17. yy da yazılmış olan bu şiir, aslında bu makalenin de çıkış noktasını oluşturmaktadır. Batılı beyaz eril, kadınların üzerinde kurduğu hegemonyasına yıllardır devam etmektedir. Fakat bununla da kalmamış, yıllardır doğaya hükmetmek istemiş, sömürmüştür. İşte tam da bu noktada Francoise d’Eaubonne 1974 yılında “Le Féminisme ou la Mort” adlı eserinde “Eko-feminizm” kavramını ortaya atmıştır. D’Eaubonne, kadının erkek tahakkümü altına alınmasındaki temel sorunun tarım toplumuna geçilmesi ile başladığını ileri sürmektedir. Tarım toplumuna geçiş ile birlikte erkek, toprak üzerinde tahakküm kurmaya başlamış ve onu kendine hizmet etmesi için zorlamıştır. Erkek toprağa tohumlar vermiş bunları büyütmesi için onu araç olarak kullanmıştır ve bunu kadın bedeninde de uygulamaya başlayacaktır. Bu beraberinde kadını ehlileştirmeyi (tecavüzü) de getirecektir. D’Eaubonne çözümün yeni bir hümanizmden geçtiğine inanmıştır ve bu hümanist akımın içerisinde kadın haklarının varolması gerektiğinden bahsetmiş buna da “Eko-Feminizm” adını vermiştir.
Erkek tohumun kendinden geldiğinin bilincine vardığı an itibariyle artık kadının vücudunu bir araç olarak görür çünkü tohum ondan gelir ve kadın bedeniyle onu büyütür. Bunların hepsi kadın-doğa özdeşleştirilmesinin temelidir. Tabiat anadır, kadındır. Erkek ise gök, tohum verendir.
Eko-feminizm bu benzerliği derinlemesine irdelemiştir. “Eko-feministler, diğer hiçbir teorinin gerçekleri tam anlamıyla yansıtmadıkları düşünerek yeni bir teori önermektedir.

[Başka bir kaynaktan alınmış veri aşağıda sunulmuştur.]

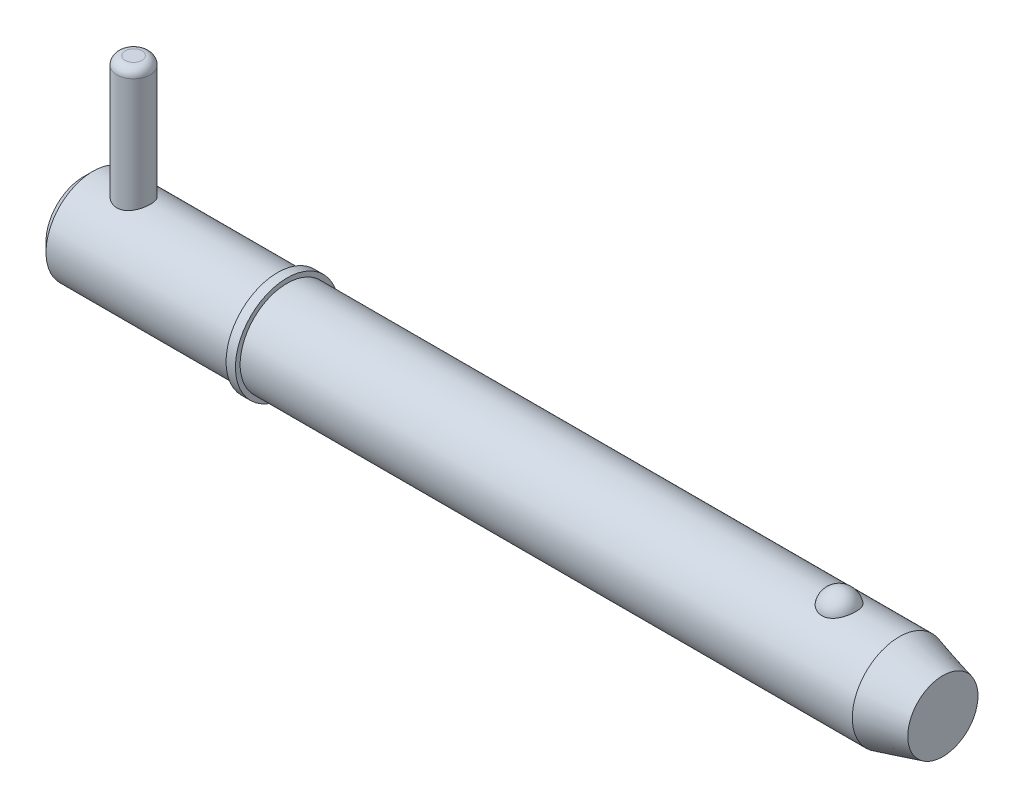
ISO-10303-21;
HEADER;
FILE_DESCRIPTION(('STEP AP214'),'2;1');
FILE_NAME('part.step','',(''),(''),'','','');
FILE_SCHEMA(('AUTOMOTIVE_DESIGN { 1 0 10303 214 1 1 1 1 }'));
ENDSEC;
DATA;
#1=APPLICATION_CONTEXT('core data for automotive mechanical design processes');
#2=APPLICATION_PROTOCOL_DEFINITION('international standard','automotive_design',2000,#1);
#3=PRODUCT_CONTEXT('',#1,'mechanical');
#4=PRODUCT('Part','Part','',(#3));
#5=PRODUCT_RELATED_PRODUCT_CATEGORY('part','',(#4));
#6=PRODUCT_DEFINITION_FORMATION('','',#4);
#7=PRODUCT_DEFINITION_CONTEXT('part definition',#1,'design');
#8=PRODUCT_DEFINITION('design','',#6,#7);
#9=PRODUCT_DEFINITION_SHAPE('','',#8);
#10=(LENGTH_UNIT() NAMED_UNIT(*) SI_UNIT(.MILLI.,.METRE.));
#11=(NAMED_UNIT(*) PLANE_ANGLE_UNIT() SI_UNIT($,.RADIAN.));
#12=(NAMED_UNIT(*) SI_UNIT($,.STERADIAN.) SOLID_ANGLE_UNIT());
#13=UNCERTAINTY_MEASURE_WITH_UNIT(LENGTH_MEASURE(1.E-05),#10,'distance_accuracy_value','');
#14=(GEOMETRIC_REPRESENTATION_CONTEXT(3) GLOBAL_UNCERTAINTY_ASSIGNED_CONTEXT((#13)) GLOBAL_UNIT_ASSIGNED_CONTEXT((#10,
#11,#12)) REPRESENTATION_CONTEXT('',''));
#15=CARTESIAN_POINT('',(0.,0.,0.));
#16=DIRECTION('',(0.,0.,1.));
#17=DIRECTION('',(1.,0.,0.));
#18=AXIS2_PLACEMENT_3D('',#15,#16,#17);
#19=CARTESIAN_POINT('',(5.94,19.845,0.));
#20=DIRECTION('',(0.,-1.,0.));
#21=DIRECTION('',(0.,0.,-1.));
#22=AXIS2_PLACEMENT_3D('',#19,#20,#21);
#23=CYLINDRICAL_SURFACE('',#22,1.98);
#24=CARTESIAN_POINT('',(5.94,-4.565,0.));
#25=DIRECTION('',(0.,1.,0.));
#26=DIRECTION('',(0.,0.,1.));
#27=AXIS2_PLACEMENT_3D('',#24,#25,#26);
#28=CIRCLE('',#27,1.98);
#29=CARTESIAN_POINT('',(5.94,-4.565,1.98));
#30=VERTEX_POINT('',#29);
#31=EDGE_CURVE('P0_E25',#30,#30,#28,.T.);
#32=ORIENTED_EDGE('',*,*,#31,.T.);
#33=EDGE_LOOP('',(#32));
#34=FACE_BOUND('',#33,.T.);
#35=CARTESIAN_POINT('',(5.94,18.855,0.));
#36=DIRECTION('',(0.,1.,0.));
#37=DIRECTION('',(0.,0.,1.));
#38=AXIS2_PLACEMENT_3D('',#35,#36,#37);
#39=CIRCLE('',#38,1.98);
#40=CARTESIAN_POINT('',(5.94,18.855,1.98));
#41=VERTEX_POINT('',#40);
#42=EDGE_CURVE('P0_E29',#41,#41,#39,.F.);
#43=ORIENTED_EDGE('',*,*,#42,.T.);
#44=EDGE_LOOP('',(#43));
#45=FACE_BOUND('',#44,.T.);
#46=ADVANCED_FACE('P0_F14',(#34,#45),#23,.T.);
#47=CARTESIAN_POINT('',(5.94,19.845,0.));
#48=DIRECTION('',(0.,1.,0.));
#49=DIRECTION('',(0.,0.,1.));
#50=AXIS2_PLACEMENT_3D('',#47,#48,#49);
#51=PLANE('',#50);
#52=CARTESIAN_POINT('',(5.94,19.845,0.));
#53=DIRECTION('',(0.,1.,0.));
#54=DIRECTION('',(0.,0.,1.));
#55=AXIS2_PLACEMENT_3D('',#52,#53,#54);
#56=CIRCLE('',#55,0.99);
#57=CARTESIAN_POINT('',(5.94,19.845,0.99));
#58=VERTEX_POINT('',#57);
#59=EDGE_CURVE('P0_E10',#58,#58,#56,.T.);
#60=ORIENTED_EDGE('',*,*,#59,.T.);
#61=EDGE_LOOP('',(#60));
#62=FACE_BOUND('',#61,.T.);
#63=ADVANCED_FACE('P0_F46',(#62),#51,.T.);
#64=CARTESIAN_POINT('',(5.94,-5.555,0.));
#65=DIRECTION('',(0.,1.,0.));
#66=DIRECTION('',(0.,0.,1.));
#67=AXIS2_PLACEMENT_3D('',#64,#65,#66);
#68=PLANE('',#67);
#69=CARTESIAN_POINT('',(5.94,-5.555,0.));
#70=DIRECTION('',(0.,1.,0.));
#71=DIRECTION('',(0.,0.,1.));
#72=AXIS2_PLACEMENT_3D('',#69,#70,#71);
#73=CIRCLE('',#72,0.99);
#74=CARTESIAN_POINT('',(5.94,-5.555,0.99));
#75=VERTEX_POINT('',#74);
#76=EDGE_CURVE('P0_E21',#75,#75,#73,.F.);
#77=ORIENTED_EDGE('',*,*,#76,.T.);
#78=EDGE_LOOP('',(#77));
#79=FACE_BOUND('',#78,.T.);
#80=ADVANCED_FACE('P0_F43',(#79),#68,.F.);
#81=CARTESIAN_POINT('',(5.94,-4.565,0.));
#82=DIRECTION('',(0.,1.,0.));
#83=DIRECTION('',(0.,0.,1.));
#84=AXIS2_PLACEMENT_3D('',#81,#82,#83);
#85=DEGENERATE_TOROIDAL_SURFACE('',#84,0.99,0.99,.T.);
#86=ORIENTED_EDGE('',*,*,#76,.F.);
#87=EDGE_LOOP('',(#86));
#88=FACE_BOUND('',#87,.T.);
#89=ORIENTED_EDGE('',*,*,#31,.F.);
#90=EDGE_LOOP('',(#89));
#91=FACE_BOUND('',#90,.T.);
#92=ADVANCED_FACE('P0_F38',(#88,#91),#85,.T.);
#93=CARTESIAN_POINT('',(5.94,18.855,0.));
#94=DIRECTION('',(0.,1.,0.));
#95=DIRECTION('',(0.,0.,1.));
#96=AXIS2_PLACEMENT_3D('',#93,#94,#95);
#97=DEGENERATE_TOROIDAL_SURFACE('',#96,0.99,0.99,.T.);
#98=ORIENTED_EDGE('',*,*,#42,.F.);
#99=EDGE_LOOP('',(#98));
#100=FACE_BOUND('',#99,.T.);
#101=ORIENTED_EDGE('',*,*,#59,.F.);
#102=EDGE_LOOP('',(#101));
#103=FACE_BOUND('',#102,.T.);
#104=ADVANCED_FACE('P0_F16',(#100,#103),#97,.T.);
#105=CLOSED_SHELL('',(#46,#63,#80,#92,#104));
#106=MANIFOLD_SOLID_BREP('P0_B1',#105);
#107=CARTESIAN_POINT('',(0.,0.,0.));
#108=DIRECTION('',(1.,0.,0.));
#109=DIRECTION('',(0.,0.,-1.));
#110=AXIS2_PLACEMENT_3D('',#107,#108,#109);
#111=CYLINDRICAL_SURFACE('',#110,5.555);
#112=CARTESIAN_POINT('',(96.7171144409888,0.,0.));
#113=DIRECTION('',(1.,0.,0.));
#114=DIRECTION('',(0.,0.,-1.));
#115=AXIS2_PLACEMENT_3D('',#112,#113,#114);
#116=CIRCLE('',#115,5.555);
#117=CARTESIAN_POINT('',(96.7171144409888,0.,-5.555));
#118=VERTEX_POINT('',#117);
#119=EDGE_CURVE('P1_E81',#118,#118,#116,.T.);
#120=ORIENTED_EDGE('',*,*,#119,.F.);
#121=EDGE_LOOP('',(#120));
#122=FACE_BOUND('',#121,.T.);
#123=CARTESIAN_POINT('',(24.13,0.,0.));
#124=DIRECTION('',(1.,0.,0.));
#125=DIRECTION('',(0.,0.,-1.));
#126=AXIS2_PLACEMENT_3D('',#123,#124,#125);
#127=CIRCLE('',#126,5.555);
#128=CARTESIAN_POINT('',(24.13,0.,-5.555));
#129=VERTEX_POINT('',#128);
#130=EDGE_CURVE('P1_E85',#129,#129,#127,.T.);
#131=ORIENTED_EDGE('',*,*,#130,.T.);
#132=EDGE_LOOP('',(#131));
#133=FACE_BOUND('',#132,.T.);
#134=CARTESIAN_POINT('',(89.5986264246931,5.16741224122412,2.03859650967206));
#135=CARTESIAN_POINT('',(89.4929492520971,5.16740893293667,2.03859990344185));
#136=CARTESIAN_POINT('',(89.3872989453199,5.17079470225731,2.03008306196));
#137=CARTESIAN_POINT('',(89.1791419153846,5.18392795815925,1.99630721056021));
#138=CARTESIAN_POINT('',(89.0766344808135,5.19367399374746,1.97105201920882));
#139=CARTESIAN_POINT('',(88.8777710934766,5.21839168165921,1.90463997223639));
#140=CARTESIAN_POINT('',(88.7814064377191,5.23335573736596,1.86350622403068));
#141=CARTESIAN_POINT('',(88.5970804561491,5.26688076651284,1.76652592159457));
#142=CARTESIAN_POINT('',(88.5091207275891,5.28544242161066,1.71067657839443));
#143=CARTESIAN_POINT('',(88.341265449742,5.32479845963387,1.58399959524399));
#144=CARTESIAN_POINT('',(88.2616656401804,5.34564089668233,1.51279545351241));
#145=CARTESIAN_POINT('',(88.1151290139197,5.38697258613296,1.3582858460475));
#146=CARTESIAN_POINT('',(88.048194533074,5.40746177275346,1.27497815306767));
#147=CARTESIAN_POINT('',(87.9256103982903,5.44694508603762,1.09440293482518));
#148=CARTESIAN_POINT('',(87.870598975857,5.46583143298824,0.996677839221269));
#149=CARTESIAN_POINT('',(87.7769376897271,5.49908030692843,0.792961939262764));
#150=CARTESIAN_POINT('',(87.7382894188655,5.513442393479,0.686970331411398));
#151=CARTESIAN_POINT('',(87.6776807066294,5.536358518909,0.468019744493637));
#152=CARTESIAN_POINT('',(87.6559725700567,5.54482455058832,0.354981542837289));
#153=CARTESIAN_POINT('',(87.6306362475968,5.55473324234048,0.126595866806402));
#154=CARTESIAN_POINT('',(87.6270077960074,5.55617600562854,0.0112484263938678));
#155=CARTESIAN_POINT('',(87.6378817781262,5.55189984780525,-0.218011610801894));
#156=CARTESIAN_POINT('',(87.6523151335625,5.54620821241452,-0.331928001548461));
#157=CARTESIAN_POINT('',(87.698903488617,5.52828920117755,-0.555544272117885));
#158=CARTESIAN_POINT('',(87.7310588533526,5.51606169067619,-0.665244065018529));
#159=CARTESIAN_POINT('',(87.8124883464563,5.48630779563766,-0.877469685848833));
#160=CARTESIAN_POINT('',(87.861781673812,5.4687754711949,-0.979987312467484));
#161=CARTESIAN_POINT('',(87.9764785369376,5.43024700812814,-1.17486975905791));
#162=CARTESIAN_POINT('',(88.0418831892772,5.40925062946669,-1.26723387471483));
#163=CARTESIAN_POINT('',(88.1875712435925,5.36600927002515,-1.43940133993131));
#164=CARTESIAN_POINT('',(88.2678859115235,5.34376173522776,-1.51917763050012));
#165=CARTESIAN_POINT('',(88.4414520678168,5.30057971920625,-1.66360338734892));
#166=CARTESIAN_POINT('',(88.534702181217,5.27964509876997,-1.72825445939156));
#167=CARTESIAN_POINT('',(88.7293939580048,5.24205250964,-1.83909478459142));
#168=CARTESIAN_POINT('',(88.8305900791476,5.22530519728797,-1.88568407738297));
#169=CARTESIAN_POINT('',(89.0401552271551,5.1975091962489,-1.96100802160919));
#170=CARTESIAN_POINT('',(89.1485215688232,5.1864583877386,-1.98974931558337));
#171=CARTESIAN_POINT('',(89.3634989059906,5.17184410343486,-2.02742262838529));
#172=CARTESIAN_POINT('',(89.469925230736,5.1679328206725,-2.03727608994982));
#173=CARTESIAN_POINT('',(89.6829925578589,5.16698995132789,-2.03966777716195));
#174=CARTESIAN_POINT('',(89.7896335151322,5.16995704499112,-2.03220932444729));
#175=CARTESIAN_POINT('',(89.9967730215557,5.18222383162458,-2.00071170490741));
#176=CARTESIAN_POINT('',(90.0973599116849,5.19133213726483,-1.97717337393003));
#177=CARTESIAN_POINT('',(90.2930141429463,5.21467637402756,-1.91475248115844));
#178=CARTESIAN_POINT('',(90.3880810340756,5.22891272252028,-1.87586867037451));
#179=CARTESIAN_POINT('',(90.5723711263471,5.26137066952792,-1.7828271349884));
#180=CARTESIAN_POINT('',(90.6614190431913,5.27967329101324,-1.72835124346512));
#181=CARTESIAN_POINT('',(90.8292880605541,5.3181741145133,-1.6059748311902));
#182=CARTESIAN_POINT('',(90.9081068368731,5.33837274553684,-1.53807126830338));
#183=CARTESIAN_POINT('',(91.0575156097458,5.37968287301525,-1.38688970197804));
#184=CARTESIAN_POINT('',(91.1275058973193,5.40079011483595,-1.30301744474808));
#185=CARTESIAN_POINT('',(91.2530125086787,5.44074401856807,-1.12458170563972));
#186=CARTESIAN_POINT('',(91.3085262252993,5.4595902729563,-1.03001630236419));
#187=CARTESIAN_POINT('',(91.4055507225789,5.49369849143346,-0.829439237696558));
#188=CARTESIAN_POINT('',(91.4465483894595,5.50882422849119,-0.723155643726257));
#189=CARTESIAN_POINT('',(91.5111250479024,5.53310911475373,-0.504772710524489));
#190=CARTESIAN_POINT('',(91.5347036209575,5.54226812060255,-0.392673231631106));
#191=CARTESIAN_POINT('',(91.564013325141,5.55370358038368,-0.165459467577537));
#192=CARTESIAN_POINT('',(91.5696884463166,5.55595843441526,-0.0503368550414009));
#193=CARTESIAN_POINT('',(91.562916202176,5.55329317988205,0.179288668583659));
#194=CARTESIAN_POINT('',(91.5504690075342,5.54837313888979,0.293791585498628));
#195=CARTESIAN_POINT('',(91.5077798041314,5.53189037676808,0.518526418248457));
#196=CARTESIAN_POINT('',(91.477598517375,5.5203503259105,0.628771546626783));
#197=CARTESIAN_POINT('',(91.4000962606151,5.49182453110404,0.842318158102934));
#198=CARTESIAN_POINT('',(91.3527743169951,5.47483847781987,0.945619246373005));
#199=CARTESIAN_POINT('',(91.2417204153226,5.43710633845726,1.14281571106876));
#200=CARTESIAN_POINT('',(91.1779215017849,5.41634501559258,1.23667048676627));
#201=CARTESIAN_POINT('',(91.0353577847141,5.37334572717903,1.41185243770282));
#202=CARTESIAN_POINT('',(90.9565932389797,5.35110778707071,1.4931798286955));
#203=CARTESIAN_POINT('',(90.7864234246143,5.30779474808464,1.64049162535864));
#204=CARTESIAN_POINT('',(90.6951002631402,5.28671324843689,1.70656877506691));
#205=CARTESIAN_POINT('',(90.5017390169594,5.24804852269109,1.82201372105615));
#206=CARTESIAN_POINT('',(90.3997005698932,5.23046541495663,1.87138095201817));
#207=CARTESIAN_POINT('',(90.1836187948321,5.20042692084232,1.95335298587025));
#208=CARTESIAN_POINT('',(90.069260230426,5.18820192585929,1.98521734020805));
#209=CARTESIAN_POINT('',(89.8361307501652,5.17169804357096,2.02783294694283));
#210=CARTESIAN_POINT('',(89.7173616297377,5.16741595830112,2.03859269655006));
#211=CARTESIAN_POINT('',(89.5986264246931,5.16741224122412,2.03859650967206));
#212=B_SPLINE_CURVE_WITH_KNOTS('',3,(#134,#135,#136,#137,#138,#139,#140,#141,#142,#143,#144,
#145,#146,#147,#148,#149,#150,#151,#152,#153,#154,#155,#156,#157,#158,#159,#160,#161,#162,#163,
#164,#165,#166,#167,#168,#169,#170,#171,#172,#173,#174,#175,#176,#177,#178,#179,#180,#181,#182,
#183,#184,#185,#186,#187,#188,#189,#190,#191,#192,#193,#194,#195,#196,#197,#198,#199,#200,#201,
#202,#203,#204,#205,#206,#207,#208,#209,#210,#211),.UNSPECIFIED.,.T.,.F.,(4,2,2,2,2,2,2,2,2,2,2,
2,2,2,2,2,2,2,2,2,2,2,2,2,2,2,2,2,2,2,2,2,2,2,2,2,2,2,4),(0.,0.316595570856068,
0.633118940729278,0.949183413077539,1.26530783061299,1.59030762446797,1.91536729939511,
2.25495824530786,2.5945822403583,2.93917283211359,3.28375835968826,3.62703002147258,
3.97030875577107,4.31397329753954,4.65766166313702,5.0020790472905,5.34645984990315,
5.68270547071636,6.01882587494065,6.33808403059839,6.65728093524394,6.96696376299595,
7.27667180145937,7.59321535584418,7.90983070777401,8.24210387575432,8.57443684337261,
8.91755896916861,9.26068933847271,9.60489211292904,9.94909164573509,10.2921194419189,
10.6351667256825,10.9796305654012,11.3240884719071,11.6663928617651,12.0087088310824,
12.3645679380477,12.7202837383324),.UNSPECIFIED.);
#213=CARTESIAN_POINT('',(89.5986264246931,5.16741224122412,2.03859650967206));
#214=VERTEX_POINT('',#213);
#215=EDGE_CURVE('P1_E35',#214,#214,#212,.T.);
#216=ORIENTED_EDGE('',*,*,#215,.T.);
#217=EDGE_LOOP('',(#216));
#218=FACE_BOUND('',#217,.T.);
#219=ADVANCED_FACE('P1_F13',(#122,#133,#218),#111,.T.);
#220=CARTESIAN_POINT('',(0.,0.,0.));
#221=DIRECTION('',(-1.,0.,0.));
#222=DIRECTION('',(0.,0.,1.));
#223=AXIS2_PLACEMENT_3D('',#220,#221,#222);
#224=PLANE('',#223);
#225=CARTESIAN_POINT('',(0.,0.,0.));
#226=DIRECTION('',(1.,0.,0.));
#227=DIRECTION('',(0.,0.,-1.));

Onlara göre, günümüzdeki liberal, sosyalist, kültürel (radikal) feminist teorilerin tümü kadın ile doğa arasındaki ilişkiyi ele almış olsalar bile, her biri kendi yolunda düalist düşünce tarzından kurtulamamış, ya toplumsal olanı doğadan kopararak (sosyalist feminizm) ya da doğal olanı toplumsal olanı içine alacak biçimde genişleterek (kültürel feminizm) aynı ikilemin iki karşıt kutbunda yer almışlardır.
Ve eko-feminist bir bakış açısından her ikisi de yanlıştır, çünkü biri doğayı, diğeri kültürü seçmiş durumdadır. Oysa yapılması gereken böyle bir seçim değil, insan ile doğa arasındaki ilişkiyi yeni, diyalektik bir biçimde ele almamızı sağlayacak bir düşünsel yaklaşım üretebilmektir. Doğanın tahakküm altına alınması toplumdan kaynaklanmaktadır ve dolayısıyla yine toplum içinde çözülmek zorundadır. Bu yüzden de eko-feminizmin öznesi, doğal yasanın ürünü olan değil, toplumsal tarihsel bir varlık olan kadındır.(Berktay,2018)

2.Doğa İle Kadın, Bilim İle Erkek

“Logos, kadını ya ölü ya da vahşi olan ile özdeşleştirmiştir. Eko-feminizm yeryüzü için mücadele eder, aynı zamanda kadını güçlendirmek için. Bu herkesin sahiplenme ile olan ilişkilerini değiştirir.” (Kovel,1994)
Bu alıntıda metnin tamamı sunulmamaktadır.